Data scientists love numbers, yet not all data is numerical. Qualitative analytics should not be ignored, especially given the unique value it provides.
Quite often, the focus of analytics efforts is highly skewed towards quantitative aspects and the qualitative efforts are either negligible or replaced by the executives’ “gut feeling”. It is imperative to understand how such a casual approach can hurt your business.
The analysis of qualitative data through the methods generally used for qualitative research is referred to as Qualitative Analytics. The differentiation between Qualitative and Quantitative analytics is not always obvious. For example, during Text Analytics, measuring the frequency of certain words would be considered Quantitative Analytics; whereas exploring the contextual meaning of popular words would be considered Qualitative Analytics. In other words, Qualitative Analytics includes the analysis of context, human behavior, emotions and other factors that are hard to digitize without losing any meaning.

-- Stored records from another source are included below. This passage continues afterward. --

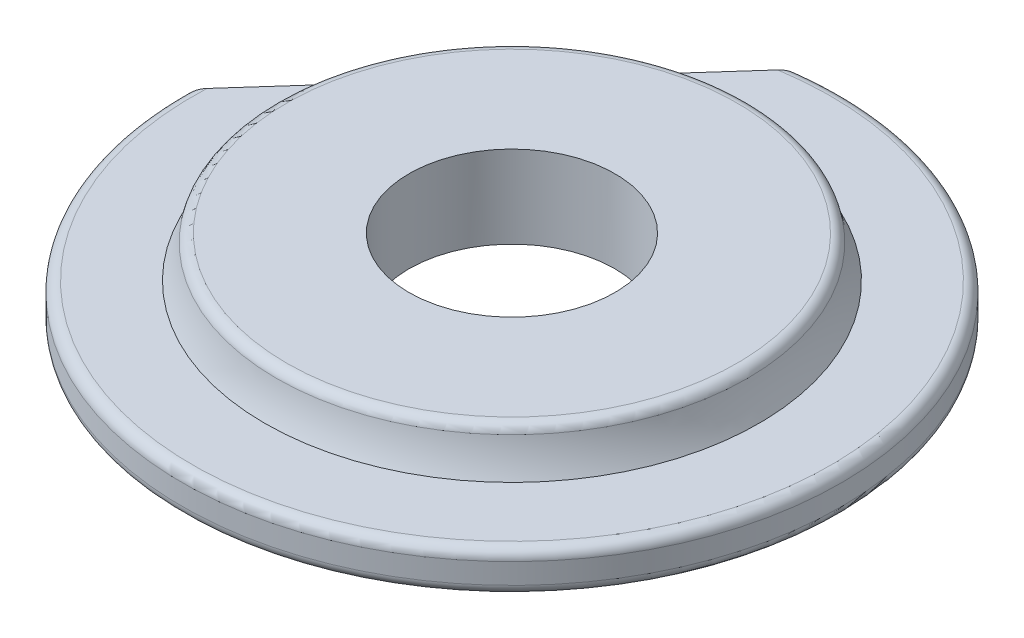
ISO-10303-21;
HEADER;
FILE_DESCRIPTION(('STEP AP214'),'2;1');
FILE_NAME('part.step','',(''),(''),'','','');
FILE_SCHEMA(('AUTOMOTIVE_DESIGN { 1 0 10303 214 1 1 1 1 }'));
ENDSEC;
DATA;
#1=APPLICATION_CONTEXT('core data for automotive mechanical design processes');
#2=APPLICATION_PROTOCOL_DEFINITION('international standard','automotive_design',2000,#1);
#3=PRODUCT_CONTEXT('',#1,'mechanical');
#4=PRODUCT('Part','Part','',(#3));
#5=PRODUCT_RELATED_PRODUCT_CATEGORY('part','',(#4));
#6=PRODUCT_DEFINITION_FORMATION('','',#4);
#7=PRODUCT_DEFINITION_CONTEXT('part definition',#1,'design');
#8=PRODUCT_DEFINITION('design','',#6,#7);
#9=PRODUCT_DEFINITION_SHAPE('','',#8);
#10=(LENGTH_UNIT() NAMED_UNIT(*) SI_UNIT(.MILLI.,.METRE.));
#11=(NAMED_UNIT(*) PLANE_ANGLE_UNIT() SI_UNIT($,.RADIAN.));
#12=(NAMED_UNIT(*) SI_UNIT($,.STERADIAN.) SOLID_ANGLE_UNIT());
#13=UNCERTAINTY_MEASURE_WITH_UNIT(LENGTH_MEASURE(1.E-05),#10,'distance_accuracy_value','');
#14=(GEOMETRIC_REPRESENTATION_CONTEXT(3) GLOBAL_UNCERTAINTY_ASSIGNED_CONTEXT((#13)) GLOBAL_UNIT_ASSIGNED_CONTEXT((#10,
#11,#12)) REPRESENTATION_CONTEXT('',''));
#15=CARTESIAN_POINT('',(0.,0.,0.));
#16=DIRECTION('',(0.,0.,1.));
#17=DIRECTION('',(1.,0.,0.));
#18=AXIS2_PLACEMENT_3D('',#15,#16,#17);
#19=CARTESIAN_POINT('',(82.1432955003034,11.2787722601828,1.9151952728527));
#20=DIRECTION('',(0.,1.,0.));
#21=DIRECTION('',(0.,0.,1.));
#22=AXIS2_PLACEMENT_3D('',#19,#20,#21);
#23=CYLINDRICAL_SURFACE('',#22,20.);
#24=DIRECTION('',(0.,1.,0.));
#25=VECTOR('',#24,1.);
#26=CARTESIAN_POINT('',(79.7727204322939,6.27852226018283,-17.9438171357977));
#27=LINE('',#26,#25);
#28=CARTESIAN_POINT('',(79.7727204322939,6.90377226018282,-17.9438171357977));
#29=VERTEX_POINT('',#28);
#30=CARTESIAN_POINT('',(79.7727204322939,8.15377226018282,-17.9438171357977));
#31=VERTEX_POINT('',#30);
#32=EDGE_CURVE('E89',#29,#31,#27,.T.);
#33=ORIENTED_EDGE('',*,*,#32,.T.);
#34=CARTESIAN_POINT('',(82.1432955003034,8.15377226018282,1.9151952728527));
#35=DIRECTION('',(0.,1.,0.));
#36=DIRECTION('',(0.,0.,1.));
#37=AXIS2_PLACEMENT_3D('',#34,#35,#36);
#38=CIRCLE('',#37,20.);
#39=CARTESIAN_POINT('',(62.1437205730642,8.15377226018282,1.78480075708274));
#40=VERTEX_POINT('',#39);
#41=EDGE_CURVE('E94',#31,#40,#38,.F.);
#42=ORIENTED_EDGE('',*,*,#41,.T.);
#43=DIRECTION('',(0.,1.,0.));
#44=VECTOR('',#43,1.);
#45=CARTESIAN_POINT('',(62.1437205730642,6.27852226018283,1.78480075708275));
#46=LINE('',#45,#44);
#47=CARTESIAN_POINT('',(62.1437205730642,6.90377226018282,1.78480075708274));
#48=VERTEX_POINT('',#47);
#49=EDGE_CURVE('E79',#48,#40,#46,.T.);
#50=ORIENTED_EDGE('',*,*,#49,.F.);
#51=CARTESIAN_POINT('',(82.1432955003034,6.90377226018282,1.9151952728527));
#52=DIRECTION('',(0.,-1.,0.));
#53=DIRECTION('',(0.,0.,-1.));
#54=AXIS2_PLACEMENT_3D('',#51,#52,#53);
#55=CIRCLE('',#54,20.);
#56=EDGE_CURVE('E98',#48,#29,#55,.F.);
#57=ORIENTED_EDGE('',*,*,#56,.T.);
#58=EDGE_LOOP('',(#33,#42,#50,#57));
#59=FACE_BOUND('',#58,.T.);
#60=ADVANCED_FACE('F39',(#59),#23,.T.);
#61=CARTESIAN_POINT('',(62.1432955003034,6.27877226018282,1.9151952728527));
#62=DIRECTION('',(0.,-1.,0.));
#63=DIRECTION('',(0.,0.,-1.));
#64=AXIS2_PLACEMENT_3D('',#61,#62,#63);
#65=PLANE('',#64);
#66=CARTESIAN_POINT('',(82.1432955003034,6.27877226018282,1.9151952728527));
#67=DIRECTION('',(0.,-1.,0.));
#68=DIRECTION('',(0.,0.,-1.));
#69=AXIS2_PLACEMENT_3D('',#66,#67,#68);
#70=CIRCLE('',#69,6.25);
#71=CARTESIAN_POINT('',(82.1432955003034,6.27877226018282,-4.33480472714729));
#72=VERTEX_POINT('',#71);
#73=EDGE_CURVE('E153',#72,#72,#70,.F.);
#74=ORIENTED_EDGE('',*,*,#73,.T.);
#75=EDGE_LOOP('',(#74));
#76=FACE_BOUND('',#75,.T.);
#77=DIRECTION('',(0.666313564147347,0.,-0.745671666508296));
#78=VECTOR('',#77,1.);
#79=CARTESIAN_POINT('',(62.1437205730642,6.27877226018282,1.78480075708275));
#80=LINE('',#79,#78);
#81=CARTESIAN_POINT('',(62.7869603723647,6.27877226018282,1.0649509462468));
#82=VERTEX_POINT('',#81);
#83=CARTESIAN_POINT('',(79.1294806329933,6.27877226018282,-17.2239673249618));
#84=VERTEX_POINT('',#83);
#85=EDGE_CURVE('E111',#82,#84,#80,.T.);
#86=ORIENTED_EDGE('',*,*,#85,.T.);
#87=CARTESIAN_POINT('',(82.1432955003034,6.27877226018282,1.9151952728527));
#88=DIRECTION('',(0.,-1.,0.));
#89=DIRECTION('',(0.,0.,-1.));
#90=AXIS2_PLACEMENT_3D('',#87,#88,#89);
#91=CIRCLE('',#90,19.375);
#92=EDGE_CURVE('E47',#84,#82,#91,.T.);
#93=ORIENTED_EDGE('',*,*,#92,.T.);
#94=EDGE_LOOP('',(#86,#93));
#95=FACE_BOUND('',#94,.T.);
#96=ADVANCED_FACE('F110',(#76,#95),#65,.T.);
#97=CARTESIAN_POINT('',(67.9440760193798,11.2787722601828,1.9151952728527));
#98=DIRECTION('',(0.,1.,0.));
#99=DIRECTION('',(0.,0.,1.));
#100=AXIS2_PLACEMENT_3D('',#97,#98,#99);
#101=PLANE('',#100);
#102=CARTESIAN_POINT('',(82.1432955003034,11.2787722601828,1.9151952728527));
#103=DIRECTION('',(0.,1.,0.));
#104=DIRECTION('',(0.,0.,1.));
#105=AXIS2_PLACEMENT_3D('',#102,#103,#104);
#106=CIRCLE('',#105,6.25);
#107=CARTESIAN_POINT('',(82.1432955003034,11.2787722601828,8.1651952728527));
#108=VERTEX_POINT('',#107);
#109=EDGE_CURVE('E152',#108,#108,#106,.T.);
#110=ORIENTED_EDGE('',*,*,#109,.F.);
#111=EDGE_LOOP('',(#110));
#112=FACE_BOUND('',#111,.T.);
#113=CARTESIAN_POINT('',(82.1432955003034,11.2787722601828,1.9151952728527));
#114=DIRECTION('',(0.,1.,0.));
#115=DIRECTION('',(0.,0.,1.));
#116=AXIS2_PLACEMENT_3D('',#113,#114,#115);
#117=CIRCLE('',#116,13.6727916926659);
#118=CARTESIAN_POINT('',(82.1432955003034,11.2787722601828,15.5879869655186));
#119=VERTEX_POINT('',#118);
#120=EDGE_CURVE('E103',#119,#119,#117,.T.);
#121=ORIENTED_EDGE('',*,*,#120,.T.);
#122=EDGE_LOOP('',(#121));
#123=FACE_BOUND('',#122,.T.);
#124=ADVANCED_FACE('F160',(#112,#123),#101,.T.);
#125=CARTESIAN_POINT('',(82.1432955003034,12.3195071188993,1.9151952728527));
#126=DIRECTION('',(0.,1.,0.));
#127=DIRECTION('',(0.,0.,1.));
#128=AXIS2_PLACEMENT_3D('',#125,#126,#127);
#129=TOROIDAL_SURFACE('',#128,21.7511787538993,7.62333377905169);
#130=CARTESIAN_POINT('',(82.1432955003034,10.7799897866052,1.9151952728527));
#131=DIRECTION('',(0.,1.,0.));
#132=DIRECTION('',(0.,0.,1.));
#133=AXIS2_PLACEMENT_3D('',#130,#131,#132);
#134=CIRCLE('',#133,14.2849143405265);
#135=CARTESIAN_POINT('',(82.1432955003034,10.7799897866052,16.2001096133792));
#136=VERTEX_POINT('',#135);
#137=EDGE_CURVE('E99',#136,#136,#134,.F.);
#138=ORIENTED_EDGE('',*,*,#137,.T.);
#139=EDGE_LOOP('',(#138));
#140=FACE_BOUND('',#139,.T.);
#141=CARTESIAN_POINT('',(82.1432955003034,8.77877226018282,1.9151952728527));
#142=DIRECTION('',(0.,1.,0.));
#143=DIRECTION('',(0.,0.,1.));
#144=AXIS2_PLACEMENT_3D('',#141,#142,#143);
#145=CIRCLE('',#144,15.);
#146=CARTESIAN_POINT('',(70.958220502679,8.77877226018282,-8.07950818935749));
#147=VERTEX_POINT('',#146);
#148=EDGE_CURVE('E116',#147,#147,#145,.T.);
#149=ORIENTED_EDGE('',*,*,#148,.T.);
#150=EDGE_LOOP('',(#149));
#151=FACE_BOUND('',#150,.T.);
#152=ADVANCED_FACE('F163',(#140,#151),#129,.F.);
#153=CARTESIAN_POINT('',(62.1432955003034,8.77877226018282,1.9151952728527));
#154=DIRECTION('',(0.,1.,0.));
#155=DIRECTION('',(0.,0.,1.));
#156=AXIS2_PLACEMENT_3D('',#153,#154,#155);
#157=PLANE('',#156);
#158=DIRECTION('',(0.666313564147347,0.,-0.745671666508296));
#159=VECTOR('',#158,1.);
#160=CARTESIAN_POINT('',(62.1437205730642,8.77877226018282,1.78480075708275));
#161=LINE('',#160,#159);
#162=CARTESIAN_POINT('',(62.7869603723647,8.77877226018282,1.0649509462468));
#163=VERTEX_POINT('',#162);
#164=EDGE_CURVE('E59',#163,#147,#161,.T.);
#165=ORIENTED_EDGE('',*,*,#164,.F.);
#166=CARTESIAN_POINT('',(82.1432955003034,8.77877226018282,1.9151952728527));
#167=DIRECTION('',(0.,1.,0.));
#168=DIRECTION('',(0.,0.,1.));
#169=AXIS2_PLACEMENT_3D('',#166,#167,#168);
#170=CIRCLE('',#169,19.375);
#171=CARTESIAN_POINT('',(79.1294806329933,8.77877226018282,-17.2239673249618));
#172=VERTEX_POINT('',#171);
#173=EDGE_CURVE('E11',#163,#172,#170,.T.);
#174=ORIENTED_EDGE('',*,*,#173,.T.);
#175=EDGE_CURVE('E54',#147,#172,#161,.T.);
#176=ORIENTED_EDGE('',*,*,#175,.F.);
#177=ORIENTED_EDGE('',*,*,#148,.F.);
#178=EDGE_LOOP('',(#165,#174,#176,#177));
#179=FACE_BOUND('',#178,.T.);
#180=ADVANCED_FACE('F170',(#179),#157,.T.);
#181=CARTESIAN_POINT('',(82.1432955003034,10.6537722601828,1.9151952728527));
#182=DIRECTION('',(0.,-1.,0.));
#183=DIRECTION('',(0.,0.,-1.));
#184=AXIS2_PLACEMENT_3D('',#181,#182,#183);
#185=TOROIDAL_SURFACE('',#184,13.6727916926659,0.625);
#186=ORIENTED_EDGE('',*,*,#137,.F.);
#187=EDGE_LOOP('',(#186));
#188=FACE_BOUND('',#187,.T.);
#189=ORIENTED_EDGE('',*,*,#120,.F.);
#190=EDGE_LOOP('',(#189));
#191=FACE_BOUND('',#190,.T.);
#192=ADVANCED_FACE('F168',(#188,#191),#185,.T.);
#193=CARTESIAN_POINT('',(82.1432955003034,6.90377226018282,1.9151952728527));
#194=DIRECTION('',(0.,-1.,0.));
#195=DIRECTION('',(0.,0.,-1.));
#196=AXIS2_PLACEMENT_3D('',#193,#194,#195);
#197=TOROIDAL_SURFACE('',#196,19.375,0.625);
#198=CARTESIAN_POINT('',(62.1437205750789,6.90382226018282,1.78480075482805));
#199=CARTESIAN_POINT('',(62.1437174484639,6.89035620771674,1.78480425382365));
#200=CARTESIAN_POINT('',(62.1441572153403,6.87689889833571,1.78431211060875));
#201=CARTESIAN_POINT('',(62.1458994407501,6.85012284861118,1.78236238574245));
#202=CARTESIAN_POINT('',(62.1472011013827,6.83680399166699,1.78090569702202));
#203=CARTESIAN_POINT('',(62.1523291835563,6.79747816945741,1.77516685905424));
#204=CARTESIAN_POINT('',(62.1573797846697,6.77181287231885,1.76951473015914));
#205=CARTESIAN_POINT('',(62.1703169561682,6.7222934614096,1.75503673848946));
#206=CARTESIAN_POINT('',(62.1781941166918,6.6984336524252,1.7462214062929));
#207=CARTESIAN_POINT('',(62.1962872149491,6.65275265013595,1.72597341577351));
#208=CARTESIAN_POINT('',(62.2065091849841,6.63093692297635,1.7145340067008));
#209=CARTESIAN_POINT('',(62.2339066905695,6.58005247052124,1.68387345174996));
#210=CARTESIAN_POINT('',(62.2521211268876,6.55224662737071,1.66348967177812));
#211=CARTESIAN_POINT('',(62.2912390211523,6.50131120653895,1.61971282709687));
#212=CARTESIAN_POINT('',(62.3121478881071,6.47819128270022,1.59631370916515));
#213=CARTESIAN_POINT('',(62.3664264823493,6.42607147535208,1.53557052156983));
#214=CARTESIAN_POINT('',(62.4009077283682,6.39968713811802,1.49698255103215));
#215=CARTESIAN_POINT('',(62.4721409628894,6.35525586827846,1.41726542150892));
#216=CARTESIAN_POINT('',(62.5088966057164,6.33722276998212,1.37613217296775));
#217=CARTESIAN_POINT('',(62.5990934073444,6.30261281359167,1.2751929110308));
#218=CARTESIAN_POINT('',(62.6531622302762,6.2897061873505,1.21468447855831));
#219=CARTESIAN_POINT('',(62.7620134268495,6.27702067506975,1.09286907884612));
#220=CARTESIAN_POINT('',(62.8167971153355,6.2772709192681,1.03156064016369));
#221=CARTESIAN_POINT('',(62.926791224527,6.29064188591219,0.90846620667138));
#222=CARTESIAN_POINT('',(62.9819894680343,6.30401096682961,0.846693839367062));
#223=CARTESIAN_POINT('',(63.0629115559903,6.33453605079454,0.75613391168384));
#224=CARTESIAN_POINT('',(63.0895453315356,6.34643787062243,0.726328047200749));
#225=CARTESIAN_POINT('',(63.1419316850647,6.3739814874347,0.667702466632966));
#226=CARTESIAN_POINT('',(63.1676850217206,6.38961996669424,0.638881901518135));
#227=CARTESIAN_POINT('',(63.2176785416695,6.42482251523255,0.582934141573309));
#228=CARTESIAN_POINT('',(63.2419310277136,6.44434683307306,0.555793178731539));
#229=CARTESIAN_POINT('',(63.2885952077685,6.48789832161314,0.503571283845893));
#230=CARTESIAN_POINT('',(63.3110081285494,6.51192245580065,0.478488978923328));
#231=CARTESIAN_POINT('',(63.348769694838,6.55964878599834,0.436230001199532));
#232=CARTESIAN_POINT('',(63.3646297955948,6.58243107848606,0.418480958708608));
#233=CARTESIAN_POINT('',(63.3937957509454,6.63145067059002,0.385841331209193));
#234=CARTESIAN_POINT('',(63.4071059033669,6.65768202881185,0.370945936500658));
#235=CARTESIAN_POINT('',(63.4269657365775,6.70586661251187,0.348720792479055));
#236=CARTESIAN_POINT('',(63.4343685851473,6.72702405925141,0.340436262901709));
#237=CARTESIAN_POINT('',(63.4467827568457,6.77084259375552,0.326543560431296));
#238=CARTESIAN_POINT('',(63.4518004068012,6.79349951993633,0.320928307184771));
#239=CARTESIAN_POINT('',(63.4576449126953,6.83089643427634,0.314387719262756));
#240=CARTESIAN_POINT('',(63.4593410742607,6.84533777496466,0.31248954445561));
#241=CARTESIAN_POINT('',(63.4616202388234,6.87445557237574,0.309938930856888));
#242=CARTESIAN_POINT('',(63.4622002123439,6.88913256025466,0.309289882353612));
#243=CARTESIAN_POINT('',(63.4621929038003,6.90382226018282,0.309298061346442));
#244=B_SPLINE_CURVE_WITH_KNOTS('',3,(#198,#199,#200,#201,#202,#203,#204,#205,#206,#207,#208,
#209,#210,#211,#212,#213,#214,#215,#216,#217,#218,#219,#220,#221,#222,#223,#224,#225,#226,#227,
#228,#229,#230,#231,#232,#233,#234,#235,#236,#237,#238,#239,#240,#241,#242,#243),.UNSPECIFIED.,
.F.,.F.,(4,2,2,2,2,2,2,2,2,2,2,2,2,2,2,2,2,2,2,2,2,2,4),(0.,0.0403653506476052,
0.0806933850950661,0.160496503520401,0.240036378409685,0.319783220713376,0.436107935093127,
0.552669916532418,0.725967851358157,0.899551846266838,1.14475080501186,1.39049267433679,
1.64097834493061,1.76595199890698,1.89081510026967,2.0144610726113,2.13802390631763,
2.23656583949488,2.33494019443705,2.4063732154157,2.47761568552607,2.52151719230926,
2.5655376862727),.UNSPECIFIED.);
#245=EDGE_CURVE('E84',#48,#82,#244,.T.);
#246=ORIENTED_EDGE('',*,*,#245,.T.);
#247=ORIENTED_EDGE('',*,*,#92,.F.);
#248=CARTESIAN_POINT('',(78.4542481015577,6.90382226018282,-16.4683144400614));
#249=CARTESIAN_POINT('',(78.4542440851797,6.89090853602633,-16.4683099453318));
#250=CARTESIAN_POINT('',(78.4546906949808,6.87800439878751,-16.4688097464654));
#251=CARTESIAN_POINT('',(78.4564547913248,6.85234748501269,-16.4707839470993));
#252=CARTESIAN_POINT('',(78.457771134266,6.83959453207122,-16.4722570667946));
#253=CARTESIAN_POINT('',(78.4629355883218,6.80204041928348,-16.4780366085443));
#254=CARTESIAN_POINT('',(78.4680008658953,6.77759985801502,-16.4837051618695));
#255=CARTESIAN_POINT('',(78.4808560643623,6.7305873546229,-16.4980914175003));
#256=CARTESIAN_POINT('',(78.4886327559474,6.70800698602317,-16.5067943148841));
#257=CARTESIAN_POINT('',(78.5063650012222,6.66479530251439,-16.5266384747459));
#258=CARTESIAN_POINT('',(78.5163279017966,6.6441709037593,-16.5377879591242));
#259=CARTESIAN_POINT('',(78.5440015716226,6.59394572594955,-16.5687575695417));
#260=CARTESIAN_POINT('',(78.562913295513,6.56584151533967,-16.5899216842));
#261=CARTESIAN_POINT('',(78.6033789537611,6.5143499242329,-16.6352068118722));
#262=CARTESIAN_POINT('',(78.6249386155639,6.49097306835382,-16.6593342344715));
#263=CARTESIAN_POINT('',(78.6829447514703,6.43597353121615,-16.7242489148209));
#264=CARTESIAN_POINT('',(78.7207232765255,6.40752437534789,-16.7665268711044));
#265=CARTESIAN_POINT('',(78.7986973508035,6.3595789581403,-16.8537876759865));
#266=CARTESIAN_POINT('',(78.8388977590405,6.34010142203103,-16.8987759623089));
#267=CARTESIAN_POINT('',(78.9354865276434,6.30355852248304,-17.0068684759924));
#268=CARTESIAN_POINT('',(78.9924564554284,6.28993211746803,-17.0706235355891));
#269=CARTESIAN_POINT('',(79.107114217924,6.2767620702208,-17.1989370645919));
#270=CARTESIAN_POINT('',(79.1648022907876,6.27722323120148,-17.2634958005152));
#271=CARTESIAN_POINT('',(79.268191680474,6.2913248060012,-17.3791988908544));
#272=CARTESIAN_POINT('',(79.3140501742723,6.3023948135562,-17.4305191420605));
#273=CARTESIAN_POINT('',(79.404059392827,6.33507017765036,-17.531248479736));
#274=CARTESIAN_POINT('',(79.4482139457572,6.35665023061531,-17.5806618503156));
#275=CARTESIAN_POINT('',(79.5174986324369,6.40182026095823,-17.6581983594906));
#276=CARTESIAN_POINT('',(79.5436790588673,6.42178667183747,-17.6874968808725));
#277=CARTESIAN_POINT('',(79.5938779278459,6.4671726261785,-17.7436744469649));
#278=CARTESIAN_POINT('',(79.6178989143888,6.49258563037176,-17.7705563386604));
#279=CARTESIAN_POINT('',(79.6569627718681,6.54220845708739,-17.8142727107622));
#280=CARTESIAN_POINT('',(79.6727421137963,6.565105484623,-17.8319313760291));
#281=CARTESIAN_POINT('',(79.7017223128604,6.61434517582393,-17.8643631236245));
#282=CARTESIAN_POINT('',(79.7149266402494,6.64068312117358,-17.8791400895143));
#283=CARTESIAN_POINT('',(79.7354286264268,6.69065317900732,-17.9020838670722));
#284=CARTESIAN_POINT('',(79.7433850852303,6.71367404659851,-17.9109879419924));
#285=CARTESIAN_POINT('',(79.7566531427859,6.76135593036304,-17.9258362283266));
#286=CARTESIAN_POINT('',(79.7619706162456,6.78601316367909,-17.9317870141273));
#287=CARTESIAN_POINT('',(79.768062139029,6.82634873621501,-17.9386040387083));
#288=CARTESIAN_POINT('',(79.7698017522518,6.84170857165771,-17.9405508402755));
#289=CARTESIAN_POINT('',(79.7721349058239,6.87264886669148,-17.9431618729874));
#290=CARTESIAN_POINT('',(79.7727264796741,6.88822965887361,-17.9438239034224));
#291=CARTESIAN_POINT('',(79.7727204302791,6.90382226018282,-17.943817133543));
#292=B_SPLINE_CURVE_WITH_KNOTS('',3,(#248,#249,#250,#251,#252,#253,#254,#255,#256,#257,#258,
#259,#260,#261,#262,#263,#264,#265,#266,#267,#268,#269,#270,#271,#272,#273,#274,#275,#276,#277,
#278,#279,#280,#281,#282,#283,#284,#285,#286,#287,#288,#289,#290,#291),.UNSPECIFIED.,.F.,.F.,(4,
2,2,2,2,2,2,2,2,2,2,2,2,2,2,2,2,2,2,2,2,4),(0.,0.0387058738194171,0.0773609547614577,
0.153657416906404,0.229586711965054,0.305775189980386,0.424927080284436,0.54434138947744,
0.733595494874197,0.923242834195663,1.18169553587798,1.44023635904286,1.64869235948102,
1.85664895196268,1.98852664530184,2.12024688234748,2.21874900690118,2.31711745217275,
2.39461843682227,2.47194611203152,2.51859716561446,2.56532805841342),.UNSPECIFIED.);
#293=EDGE_CURVE('E115',#84,#29,#292,.T.);
#294=ORIENTED_EDGE('',*,*,#293,.T.);
#295=ORIENTED_EDGE('',*,*,#56,.F.);
#296=EDGE_LOOP('',(#246,#247,#294,#295));
#297=FACE_BOUND('',#296,.T.);
#298=ADVANCED_FACE('F114',(#297),#197,.T.);
#299=CARTESIAN_POINT('',(82.1432955003034,8.15377226018282,1.9151952728527));
#300=DIRECTION('',(0.,1.,0.));
#301=DIRECTION('',(0.,0.,1.));
#302=AXIS2_PLACEMENT_3D('',#299,#300,#301);
#303=TOROIDAL_SURFACE('',#302,19.375,0.625);
#304=CARTESIAN_POINT('',(63.4621929038003,8.15372226018282,0.309298061346439));
#305=CARTESIAN_POINT('',(63.4621969201783,8.16663598433931,0.309293566616872));
#306=CARTESIAN_POINT('',(63.4617503103772,8.17954012157814,0.309793367750418));
#307=CARTESIAN_POINT('',(63.4599862140332,8.20519703535296,0.311767568384295));
#308=CARTESIAN_POINT('',(63.4586698710921,8.21794998829443,0.313240688079666));
#309=CARTESIAN_POINT('',(63.4535054170363,8.25550410108217,0.319020229829367));
#310=CARTESIAN_POINT('',(63.4484401394627,8.27994466235063,0.324688783154489));
#311=CARTESIAN_POINT('',(63.4355849409957,8.32695716574274,0.339075038785345));
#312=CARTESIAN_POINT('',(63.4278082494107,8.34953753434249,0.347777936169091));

Qualitative analytics is a very powerful tool for exploratory research – the earliest phase of analytics. It is also a great tool to bridge the gap between insights provided by quantitative research, and provide in-depth understanding of the underlying reasons and motivations for a phenomenon. Pragmatic qualitative research is done through a variety of methods. While some of them are simple such as Surveys and Interviews, others are highly advanced such as Ethnography and Phenomenology.
One of the most common myths about qualitative analytics is that it is useful only for academic researchers in selected fields such as social sciences and neuroscience marketing. The truth is that - almost all business problems have a qualitative aspect, and thus, quantitative analysis alone would never be able to tell the complete story.